Une équipe internationale d’astrophysiciens, incluant des lauréats du prix Nobel, a confirmé dans la revue Monthly Notices of the Royal Astronomical Society que l’expansion de l’univers continue de s’accélérer. Cette étude réfute les conclusions d’une publication sud-coréenne de 2025 qui suggérait un ralentissement, attribuant cette erreur à une mauvaise estimation de l’âge des supernovas.
La remise en cause de l’énergie sombre
L’idée que l’univers pourrait ne plus s’accélérer a secoué la communauté scientifique à la fin de l’année 2025. Une étude, menée par des chercheurs sud-coréens, remettait en question l’existence ou la constance de l’énergie sombre, cette force mystérieuse qui pousse les galaxies à s’éloigner les unes des autres à une vitesse croissante. Si ces conclusions avaient été exactes, elles auraient invalidé près de trois décennies de recherches cosmologiques, basées sur la découverte initiale de 1998 qui a valu à Adam Riess, Brian Schmidt et Saul Perlmutter le prix Nobel de physique en 2011, comme le rapporte Universe Today.
Le débat portait sur les supernovas de type Ia, ces explosions d’étoiles naines blanches utilisées comme « chandelles standards » pour mesurer les distances cosmiques. L’équipe sud-coréenne affirmait que la luminosité maximale de ces astres variait avec l’âge de l’univers, induisant les astronomes en erreur.
Une correction méthodologique cruciale
La nouvelle étude, publiée ce mois-ci dans les Monthly Notices of the Royal Astronomical Society, démontre que les critiques formulées en 2025 reposaient sur des biais d’analyse. Selon le Dr Phil Wiseman, chercheur à l’Université de Southampton et auteur principal, le problème ne résidait pas dans les mesures cosmologiques elles-mêmes, mais dans leur interprétation.
Les chercheurs ont identifié deux erreurs majeures dans l’analyse sud-coréenne :
- L’âge des étoiles : L’étude précédente supposait à tort que l’âge d’une galaxie était identique à celui de l’étoile ayant explosé en supernova.
- La masse des galaxies hôtes : L’analyse n’intégrait pas les corrections standard liées à la masse des galaxies, un paramètre essentiel pour calibrer la luminosité des supernovas, selon [ScienceDaily](https://www.sciencedaily.com/releases/2026/06/260612032030.htm).
La robustesse des modèles cosmologiques
Pour les experts, cette controverse illustre le fonctionnement rigoureux de la science.

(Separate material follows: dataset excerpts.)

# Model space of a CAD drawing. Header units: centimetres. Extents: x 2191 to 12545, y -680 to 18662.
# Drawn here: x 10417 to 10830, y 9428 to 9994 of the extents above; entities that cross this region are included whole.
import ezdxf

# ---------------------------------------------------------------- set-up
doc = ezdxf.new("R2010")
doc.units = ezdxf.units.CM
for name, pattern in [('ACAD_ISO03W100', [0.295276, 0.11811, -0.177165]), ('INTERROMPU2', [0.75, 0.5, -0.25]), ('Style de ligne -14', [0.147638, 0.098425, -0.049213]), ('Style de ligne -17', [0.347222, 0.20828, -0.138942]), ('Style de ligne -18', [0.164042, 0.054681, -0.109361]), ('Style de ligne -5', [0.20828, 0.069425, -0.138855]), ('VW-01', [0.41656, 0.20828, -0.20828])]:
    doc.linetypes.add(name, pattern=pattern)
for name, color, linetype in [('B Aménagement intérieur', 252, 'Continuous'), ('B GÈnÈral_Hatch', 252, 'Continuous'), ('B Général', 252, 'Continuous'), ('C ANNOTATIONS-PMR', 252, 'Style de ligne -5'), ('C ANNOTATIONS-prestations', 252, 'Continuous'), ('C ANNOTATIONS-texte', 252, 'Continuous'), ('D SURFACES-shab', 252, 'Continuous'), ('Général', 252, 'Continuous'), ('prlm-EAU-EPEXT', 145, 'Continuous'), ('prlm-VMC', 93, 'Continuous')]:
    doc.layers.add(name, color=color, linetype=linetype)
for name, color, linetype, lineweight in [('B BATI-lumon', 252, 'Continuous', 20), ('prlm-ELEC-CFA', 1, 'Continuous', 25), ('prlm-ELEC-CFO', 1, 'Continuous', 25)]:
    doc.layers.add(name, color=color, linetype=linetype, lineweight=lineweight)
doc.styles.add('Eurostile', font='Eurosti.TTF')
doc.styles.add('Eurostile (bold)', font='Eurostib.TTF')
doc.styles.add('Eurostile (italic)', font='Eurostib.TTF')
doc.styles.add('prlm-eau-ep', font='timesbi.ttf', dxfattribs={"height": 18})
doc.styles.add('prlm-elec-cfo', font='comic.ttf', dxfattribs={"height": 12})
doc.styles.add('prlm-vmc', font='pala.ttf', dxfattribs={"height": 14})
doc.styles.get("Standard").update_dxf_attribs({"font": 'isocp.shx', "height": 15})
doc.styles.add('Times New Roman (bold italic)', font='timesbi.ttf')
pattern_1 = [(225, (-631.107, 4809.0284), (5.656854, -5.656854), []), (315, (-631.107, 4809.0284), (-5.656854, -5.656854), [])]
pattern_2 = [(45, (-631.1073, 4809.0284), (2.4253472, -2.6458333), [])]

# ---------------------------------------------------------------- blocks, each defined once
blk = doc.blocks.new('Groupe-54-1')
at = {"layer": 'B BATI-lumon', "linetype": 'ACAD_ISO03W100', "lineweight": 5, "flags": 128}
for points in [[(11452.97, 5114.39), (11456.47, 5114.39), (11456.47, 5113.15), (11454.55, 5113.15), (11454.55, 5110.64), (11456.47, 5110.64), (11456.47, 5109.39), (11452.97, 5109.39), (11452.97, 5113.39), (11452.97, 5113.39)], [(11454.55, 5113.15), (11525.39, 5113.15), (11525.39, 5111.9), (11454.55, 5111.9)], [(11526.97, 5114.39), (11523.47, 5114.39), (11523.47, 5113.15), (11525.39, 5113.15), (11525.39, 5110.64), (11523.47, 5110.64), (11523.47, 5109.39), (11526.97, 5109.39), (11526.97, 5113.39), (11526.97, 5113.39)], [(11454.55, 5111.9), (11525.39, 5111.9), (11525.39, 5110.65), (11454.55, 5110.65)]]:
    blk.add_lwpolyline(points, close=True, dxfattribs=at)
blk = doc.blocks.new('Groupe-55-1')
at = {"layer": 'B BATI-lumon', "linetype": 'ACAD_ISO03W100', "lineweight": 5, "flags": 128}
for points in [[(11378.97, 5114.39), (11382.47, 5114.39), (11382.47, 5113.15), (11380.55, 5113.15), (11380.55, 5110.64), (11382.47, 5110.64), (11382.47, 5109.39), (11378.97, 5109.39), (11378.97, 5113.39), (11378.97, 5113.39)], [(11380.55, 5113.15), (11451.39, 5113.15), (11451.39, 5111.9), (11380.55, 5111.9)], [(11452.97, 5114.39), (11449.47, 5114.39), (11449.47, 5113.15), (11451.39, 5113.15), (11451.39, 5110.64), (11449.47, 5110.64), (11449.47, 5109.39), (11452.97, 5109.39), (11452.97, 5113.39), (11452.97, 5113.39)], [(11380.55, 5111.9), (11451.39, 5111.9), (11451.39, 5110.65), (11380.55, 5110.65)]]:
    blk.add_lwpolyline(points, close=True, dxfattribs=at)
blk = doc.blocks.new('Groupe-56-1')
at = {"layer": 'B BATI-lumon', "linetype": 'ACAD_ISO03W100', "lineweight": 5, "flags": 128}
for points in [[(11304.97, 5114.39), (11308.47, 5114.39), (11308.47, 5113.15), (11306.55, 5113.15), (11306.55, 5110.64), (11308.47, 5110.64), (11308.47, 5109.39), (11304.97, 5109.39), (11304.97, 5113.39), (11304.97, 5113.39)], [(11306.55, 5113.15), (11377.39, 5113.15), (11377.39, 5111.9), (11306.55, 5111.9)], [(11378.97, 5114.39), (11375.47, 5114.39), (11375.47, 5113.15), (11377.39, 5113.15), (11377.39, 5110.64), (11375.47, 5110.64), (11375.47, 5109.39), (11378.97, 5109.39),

En recalibrant les données et en tenant compte des environnements stellaires, les preuves de l’accélération cosmique demeurent constantes.
"Les mesures précédentes et largement acceptées étaient, en fait, correctes et notre compréhension actuelle du destin de l’univers demeure solide. Heureusement, nous avons évité cette crise, mais le mystère concernant la raison pour laquelle le taux d’expansion de l’univers continue de s’accélérer demeure entier.
Le professeur Adam Riess, de l’Université Johns Hopkins, a souligné la nécessité d’une prudence extrême face à des affirmations remettant en cause des théories établies. « Des affirmations extraordinaires nécessitent des tests particulièrement rigoureux », a-t-il déclaré, cité par Gizmodo.
Vers une meilleure compréhension de l’énergie sombre
Bien que la crise soit écartée, le défi intellectuel persiste. Comme l’expliquait récemment le professeur Riess lors de la conférence Reines à l’UC Irvine, la nature profonde de l’énergie sombre reste l’une des questions les plus complexes de la physique moderne, à la croisée de la relativité générale d’Einstein et de la physique quantique.
Pour la communauté scientifique, cet épisode est considéré comme un progrès. Le professeur Mark Sullivan, également de l’Université de Southampton, a rappelé que contester les théories acceptées est fondamental pour la science. Ces échanges permettent non seulement de confirmer les acquis, mais aussi d’affiner les méthodes de mesure pour l’avenir. Alors que les télescopes spatiaux continuent de scruter l’univers, les physiciens se concentrent désormais sur l’explication physique de cette accélération plutôt que sur sa remise en cause.